Reproduction of the "cartoon strip" style of Medieval tiles, found probably in Tring, telling the stories of the childhood adventures of Jesus, according to the Apocraphal Gopsels of Pseudo-Matthew and the Arabic Infancy Gospels. 

I have become somewhat obsessed with these marvellous images, and have started to recreate a full storyboard. This has meant re-creating the missing images using the Seldon Supra 38 manuscript for inspiration. All the colour tile images are ones I have made. If they do not refer to the V&A or British Museum, then they are my own design.

Both the stories and the tiles are not well known. But they are delightful. Jesus gives his teachers some cheek, and when he gets slapped, the teacher "drops dead". In fact, so many people "drop dead" and then, after complaints from the villagers, Jesus is pressured into resurrecting them, sometimes with a yank on the ear or a kick up the arse. It's just so wonderfully human.

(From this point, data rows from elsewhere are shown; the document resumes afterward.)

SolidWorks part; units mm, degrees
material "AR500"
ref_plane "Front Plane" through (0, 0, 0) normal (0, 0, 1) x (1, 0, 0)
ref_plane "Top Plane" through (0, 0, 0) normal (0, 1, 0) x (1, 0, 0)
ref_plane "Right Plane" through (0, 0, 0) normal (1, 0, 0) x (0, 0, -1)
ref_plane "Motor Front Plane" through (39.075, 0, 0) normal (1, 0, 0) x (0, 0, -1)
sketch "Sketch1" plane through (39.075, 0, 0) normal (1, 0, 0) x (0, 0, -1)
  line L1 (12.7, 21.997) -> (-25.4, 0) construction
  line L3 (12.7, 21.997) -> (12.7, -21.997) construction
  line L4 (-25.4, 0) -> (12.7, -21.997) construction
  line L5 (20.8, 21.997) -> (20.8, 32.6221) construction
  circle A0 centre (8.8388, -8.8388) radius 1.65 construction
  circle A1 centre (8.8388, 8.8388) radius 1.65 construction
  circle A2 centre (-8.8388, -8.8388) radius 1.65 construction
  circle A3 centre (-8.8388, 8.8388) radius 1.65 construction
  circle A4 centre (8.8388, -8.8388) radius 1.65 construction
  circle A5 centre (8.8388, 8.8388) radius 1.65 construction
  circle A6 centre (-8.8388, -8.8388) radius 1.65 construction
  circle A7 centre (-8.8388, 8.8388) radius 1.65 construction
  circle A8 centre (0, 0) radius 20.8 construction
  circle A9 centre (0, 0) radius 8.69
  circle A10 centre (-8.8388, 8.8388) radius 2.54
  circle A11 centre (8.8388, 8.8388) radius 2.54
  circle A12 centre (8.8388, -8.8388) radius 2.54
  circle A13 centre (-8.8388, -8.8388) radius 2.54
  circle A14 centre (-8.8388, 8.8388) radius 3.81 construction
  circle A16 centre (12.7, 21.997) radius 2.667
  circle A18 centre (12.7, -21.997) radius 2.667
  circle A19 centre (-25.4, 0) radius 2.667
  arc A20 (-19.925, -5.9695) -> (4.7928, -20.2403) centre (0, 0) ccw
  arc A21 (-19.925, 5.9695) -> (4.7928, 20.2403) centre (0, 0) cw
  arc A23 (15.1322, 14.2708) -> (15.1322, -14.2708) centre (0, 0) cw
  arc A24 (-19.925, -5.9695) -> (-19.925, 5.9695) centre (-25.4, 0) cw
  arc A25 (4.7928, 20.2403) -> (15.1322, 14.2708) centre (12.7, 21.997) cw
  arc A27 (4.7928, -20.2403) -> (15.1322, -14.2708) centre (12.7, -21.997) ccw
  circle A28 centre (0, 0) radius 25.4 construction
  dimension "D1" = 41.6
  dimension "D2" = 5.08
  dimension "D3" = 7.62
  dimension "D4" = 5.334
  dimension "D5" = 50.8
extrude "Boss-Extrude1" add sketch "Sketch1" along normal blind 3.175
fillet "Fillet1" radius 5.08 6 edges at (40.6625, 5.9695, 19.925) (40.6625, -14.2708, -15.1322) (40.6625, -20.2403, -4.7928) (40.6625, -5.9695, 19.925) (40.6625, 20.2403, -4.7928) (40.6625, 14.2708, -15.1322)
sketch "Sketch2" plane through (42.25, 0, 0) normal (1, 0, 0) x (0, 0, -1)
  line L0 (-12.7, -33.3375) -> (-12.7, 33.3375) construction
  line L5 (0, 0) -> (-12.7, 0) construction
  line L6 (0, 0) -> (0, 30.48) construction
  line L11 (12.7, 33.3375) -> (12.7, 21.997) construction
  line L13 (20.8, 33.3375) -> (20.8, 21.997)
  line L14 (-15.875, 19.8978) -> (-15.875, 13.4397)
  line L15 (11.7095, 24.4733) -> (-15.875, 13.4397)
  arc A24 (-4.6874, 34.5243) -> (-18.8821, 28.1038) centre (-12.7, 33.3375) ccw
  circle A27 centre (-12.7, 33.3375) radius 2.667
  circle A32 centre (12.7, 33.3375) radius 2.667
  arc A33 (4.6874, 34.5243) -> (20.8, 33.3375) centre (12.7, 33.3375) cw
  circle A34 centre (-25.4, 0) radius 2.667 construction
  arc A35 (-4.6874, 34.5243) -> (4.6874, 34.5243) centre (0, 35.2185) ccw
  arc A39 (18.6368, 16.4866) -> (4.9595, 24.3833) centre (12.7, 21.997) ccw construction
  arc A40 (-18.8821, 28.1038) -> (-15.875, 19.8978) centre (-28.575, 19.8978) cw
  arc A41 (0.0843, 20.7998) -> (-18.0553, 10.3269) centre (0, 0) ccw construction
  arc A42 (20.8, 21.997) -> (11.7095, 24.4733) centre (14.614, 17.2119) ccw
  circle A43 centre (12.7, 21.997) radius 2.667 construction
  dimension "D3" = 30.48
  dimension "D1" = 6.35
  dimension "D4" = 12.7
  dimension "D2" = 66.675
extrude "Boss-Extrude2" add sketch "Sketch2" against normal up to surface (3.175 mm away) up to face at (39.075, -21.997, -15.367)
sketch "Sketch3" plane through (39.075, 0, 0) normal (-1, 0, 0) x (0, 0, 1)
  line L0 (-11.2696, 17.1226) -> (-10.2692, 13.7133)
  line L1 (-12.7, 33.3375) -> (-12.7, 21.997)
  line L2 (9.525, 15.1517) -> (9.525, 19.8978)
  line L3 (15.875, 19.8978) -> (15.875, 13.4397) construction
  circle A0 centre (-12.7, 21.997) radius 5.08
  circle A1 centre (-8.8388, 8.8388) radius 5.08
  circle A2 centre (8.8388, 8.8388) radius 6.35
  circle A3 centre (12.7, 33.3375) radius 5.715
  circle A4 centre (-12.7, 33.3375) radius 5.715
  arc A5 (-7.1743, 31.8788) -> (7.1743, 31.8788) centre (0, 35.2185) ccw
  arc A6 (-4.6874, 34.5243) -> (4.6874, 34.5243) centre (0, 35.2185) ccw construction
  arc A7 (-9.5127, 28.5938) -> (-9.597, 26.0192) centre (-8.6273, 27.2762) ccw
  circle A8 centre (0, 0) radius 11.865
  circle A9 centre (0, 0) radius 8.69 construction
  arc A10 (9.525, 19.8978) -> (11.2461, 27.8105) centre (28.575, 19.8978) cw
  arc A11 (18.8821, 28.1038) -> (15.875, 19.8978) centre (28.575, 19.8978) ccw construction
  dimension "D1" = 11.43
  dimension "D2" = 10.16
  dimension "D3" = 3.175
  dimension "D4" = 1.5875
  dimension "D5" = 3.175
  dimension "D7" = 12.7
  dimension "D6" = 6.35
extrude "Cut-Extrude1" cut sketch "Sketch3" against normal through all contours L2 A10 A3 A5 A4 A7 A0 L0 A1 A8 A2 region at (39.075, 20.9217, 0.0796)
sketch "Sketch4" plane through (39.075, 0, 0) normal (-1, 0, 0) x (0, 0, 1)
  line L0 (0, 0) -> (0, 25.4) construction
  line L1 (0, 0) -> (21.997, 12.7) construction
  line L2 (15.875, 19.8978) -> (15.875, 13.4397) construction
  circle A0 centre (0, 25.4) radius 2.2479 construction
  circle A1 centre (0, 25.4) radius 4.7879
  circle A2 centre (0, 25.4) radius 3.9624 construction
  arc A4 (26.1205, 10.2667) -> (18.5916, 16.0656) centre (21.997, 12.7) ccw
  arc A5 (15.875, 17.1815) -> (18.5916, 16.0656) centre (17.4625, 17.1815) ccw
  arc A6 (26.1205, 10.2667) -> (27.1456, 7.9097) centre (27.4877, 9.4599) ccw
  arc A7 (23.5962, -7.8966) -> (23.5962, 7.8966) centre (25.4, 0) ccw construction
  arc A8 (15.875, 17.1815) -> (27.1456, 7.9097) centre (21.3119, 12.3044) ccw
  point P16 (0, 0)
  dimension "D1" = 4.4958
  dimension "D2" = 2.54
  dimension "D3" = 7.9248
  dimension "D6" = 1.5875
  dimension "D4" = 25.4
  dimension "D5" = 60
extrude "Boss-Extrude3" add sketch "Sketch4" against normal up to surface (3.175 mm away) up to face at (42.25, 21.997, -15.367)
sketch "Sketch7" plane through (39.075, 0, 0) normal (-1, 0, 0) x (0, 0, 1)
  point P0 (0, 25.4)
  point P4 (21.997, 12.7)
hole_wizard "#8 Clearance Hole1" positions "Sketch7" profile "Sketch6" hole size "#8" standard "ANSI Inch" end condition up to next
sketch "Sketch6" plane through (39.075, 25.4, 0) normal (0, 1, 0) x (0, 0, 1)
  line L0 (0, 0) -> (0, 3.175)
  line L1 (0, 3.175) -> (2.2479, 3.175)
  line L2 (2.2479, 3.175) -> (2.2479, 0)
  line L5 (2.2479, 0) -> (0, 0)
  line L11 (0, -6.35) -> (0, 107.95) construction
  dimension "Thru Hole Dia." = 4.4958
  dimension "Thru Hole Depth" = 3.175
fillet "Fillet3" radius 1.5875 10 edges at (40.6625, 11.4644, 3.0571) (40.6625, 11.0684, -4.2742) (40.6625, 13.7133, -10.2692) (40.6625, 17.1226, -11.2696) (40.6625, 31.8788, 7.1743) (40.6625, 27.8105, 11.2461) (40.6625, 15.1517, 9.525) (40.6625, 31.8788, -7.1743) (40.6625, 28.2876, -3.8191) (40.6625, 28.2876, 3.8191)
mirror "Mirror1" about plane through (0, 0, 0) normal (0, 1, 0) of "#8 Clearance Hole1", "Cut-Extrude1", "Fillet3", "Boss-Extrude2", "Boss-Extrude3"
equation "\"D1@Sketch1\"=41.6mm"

So far, eight complete tiles are in the British Museum, two in the Victoria and Albert Museum, and both have some fragments. There is always a chance that more tiles may yet be discovered. The tiles have such a charming character, I couldn't resist redrawing them as a set of drawings that I donated to the poor Tring Museum (who have reproductions as the big museums have all the originals). That way, kids could use them for colouring in.

 

After analysing the known tiles, I looked into the Seldon Supra 38 Manuscript held in the Bodlein Library in Oxford, which has similar themes , and ended up drawing out all the connecting images to link the stories together. The numbers follow those given by Montague Rhode James (yes, he of the ghost stories) to the Manuscript images. Most tile images here are from my imagination, but I have noted where they are from the British Museum or Victoria and Albert Museum originals.